Os profissionais utilizaram um respirador que convencionalmente atenderia um único paciente e duplicaram seus conectores. A adaptação é feita na disposição das mangueiras — que, no respirador, tem o mesmo papel da traqueia do paciente. Transformada em um Y, uma mangueira é duplicada nas pontas e faz inspiração pelos dois pacientes em um ponta e expiração para os dois pacientes em outra. Este sistema permite adaptar até quatro pacientes em um aparelho, em caso de necessidade extrema.
— Com duas conexões, é possível obter um padrão respiratório bom, mantendo uma troca gasosa relativamente adequada, perto do ideal para o ser humano — diz Bonazina.
Para que a performance da adaptação seja ainda mais efetiva, é importante que os pacientes que dividirem o mesmo aparelho tenham dinâmica respiratória e porte físico semelhante: peso e altura.
— Se eu colocar dois pacientes no mesmo respirador com níveis de respiração distintos, terei que optar por manter o paciente que está com respiração mais leve. Pois se eu colocá-lo junto com um paciente mais grave, posso agravar o outro, pois vou gerar mais esforço para ele. Terei de igualar os dois.
Bonazina reforça que esta é uma técnica de uso temporário, disponível para o momento em que não houver mais respiradores disponíveis:
— Isso foi algo desenvolvido para situações de guerra. Com o avanço do coronavírus dessa forma e o risco de começar a faltar equipamentos, voltou à tona a discussão desse recurso. Se chegarmos ao extremo aqui, teremos como atender — garante Bonazina.
Nos casos mais graves de infecções por covid-19, não é possível utilizar ventilação de forma manual, porque isso liberaria aerossóis que contaminariam equipes médicas e os ambientes hospitalares. Seria como se o paciente estivesse espirrando ou tossindo, sem qualquer proteção.
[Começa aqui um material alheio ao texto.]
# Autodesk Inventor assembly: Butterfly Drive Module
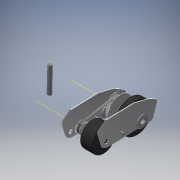
[picture p0: Inventor's stored thumbnail of the model, 180x180]
Saved by Autodesk Inventor 2019 (Build 230136000, 136)
## iProperties
Created: 2019-10-18
Part Number: Butterfly Drive Module
Document SubType Name: Assembly
Designer: admin
Author: admin
## Documents named in this file (8)
- C:\Users\Mark\Desktop\7738 Helion Engineering\7738-CAD-prep\Butterfly drive\Butterfly Drive Module.iam
- C:\Users\Mark\Desktop\7738 Helion Engineering\7738-CAD-prep\Butterfly drive\100mm Mecanum StandIn.ipt
- C:\Users\Mark\Desktop\7738 Helion Engineering\7738-CAD-prep\Butterfly drive\100mm Traction Wheel StandIn.ipt
- C:\Users\Mark\Desktop\7738 Helion Engineering\7738-CAD-prep\Butterfly drive\Butterfly Drive Module\Design Accelerator\Synchronous Belts Transmission3.iam
- C:\Users\Mark\Desktop\7738 Helion Engineering\7738-CAD-prep\Butterfly drive\Module Plate 1.ipt
- C:\Users\Mark\Desktop\7738 Helion Engineering\7738-CAD-prep\Butterfly drive\Connector.ipt
- C:\Users\Mark\Desktop\7738 Helion Engineering\7738-CAD-prep\Butterfly drive\F6004.ipt
- C:\Users\Mark\Desktop\7738 Helion Engineering\7738-CAD-prep\Butterfly drive\F6802.ipt
## Components (10 placed, 7 different names)
1. Connector:1 — Mate:34
2. 100mm Mecanum StandIn:1 — Flush:1, Mate:5, Angle:1, Mate:36, Mate:37
3. 100mm Traction Wheel StandIn:1 — Mate:4, Flush:1, Mate:6
4. Synchronous Belts Transmission:1 [sub-assembly] — Mate:5, Mate:6, Mate:35, Mate:37
5. Module Plate 1:1 — Mate:33, Flush:2, Flush:3, Mate:35, Mate:36, Insert:2, Insert:3
6. Module Plate 1:2 — Mate:33, Flush:2, Flush:3, Insert:1, Insert:4
7. F6804:1 — Insert:2
8. F6802:1 — Insert:4
9. F6804:2 — Insert:1
10. F6802:2 — Insert:3
## Relationships (16: Mate 8, Insert 4, Flush 3, Angle 1)
- Mate:4: 100mm Traction Wheel StandIn:1
- Flush:1 (10 mm): 100mm Mecanum StandIn:1 ↔ 100mm Traction Wheel StandIn:1
- Mate:5: 100mm Mecanum StandIn:1 ↔ Synchronous Belts Transmission:1
- Mate:6: 100mm Traction Wheel StandIn:1 ↔ Synchronous Belts Transmission:1
- Angle:1 (90 deg): 100mm Mecanum StandIn:1
- Mate:33 (105 mm): Module Plate 1:1 ↔ Module Plate 1:2
- Mate:34: Connector:1
- Flush:2: Module Plate 1:1 ↔ Module Plate 1:2
- Flush:3: Module Plate 1:1 ↔ Module Plate 1:2
- Mate:35: Synchronous Belts Transmission:1 ↔ Module Plate 1:1
- Mate:36 (4 mm): 100mm Mecanum StandIn:1 ↔ Module Plate 1:1
- Insert:1: Module Plate 1:2 ↔ F6804:2
- Insert:2: Module Plate 1:1 ↔ F6804:1
- Mate:37 (2 mm): 100mm Mecanum StandIn:1 ↔ Synchronous Belts Transmission:1
- Insert:3: Module Plate 1:1 ↔ F6802:2
- Insert:4: Module Plate 1:2 ↔ F6802:1

Por isso, os aparelhos de ventilação são imprescindíveis nas evoluções mais severas da doença.
— Estes aparelhos têm um sistema fechado, tanto de inspiração quanto de expiração. A pessoa fica entubada — explica.
A divisão de um aparelho para quatro pessoas será utilizada apenas um cenário em que o hospital receber, ao mesmo tempo, diversos pacientes com risco de vida. O médico afirma que é “tecnicamente possível, mas não é o recomendado”.
— Se tivermos só 10 respiradores e recebermos entre 30 e 35 pacientes graves, teremos que optar por esta respiração parcial para que se mantenha-os vivos e respirando. Esperamos que não seja necessário.
O Hospital Nossa Senhora das Graças possui 16 respiradores e é a instituição de retaguarda no atendimento a pacientes com coronavírus em Canoas. A referência para a doença na cidade é o Hospital Universitário da Ulbra. Até o final da manhã desta terça-feira (24), o Nossa Senhora das Graças não tinha nenhum paciente com covid-19 internado na UTI.
Presidente da Associação Beneficente São Miguel, entidade responsável pela gestão do Nossa Senhora das Graças, Rafael França, afirma que já começaram as obras de construção de um hospital de campanha no estacionamento da instituição: serão dez leitos de internação e dois semi-intensivos.
O avanço da doença tem gerado um clima de colaboração entre os médicos, garante Bonazina:
— Estamos com um plano de chamar os colegas que não têm tanto traquejo com pacientes mais graves para que eles comecem a trabalhar com pacientes que têm de ser entubados, por exemplo. Eles estão sendo convidados para atuarem na sala vermelha para que possam ser capacitados. A grande maioria de nós vai se contaminar uma hora ou outra e terá que se afastar. Nosso grande medo é que o pessoal se afaste todo ao mesmo tempo, por isso a necessidade de treinamento de todos.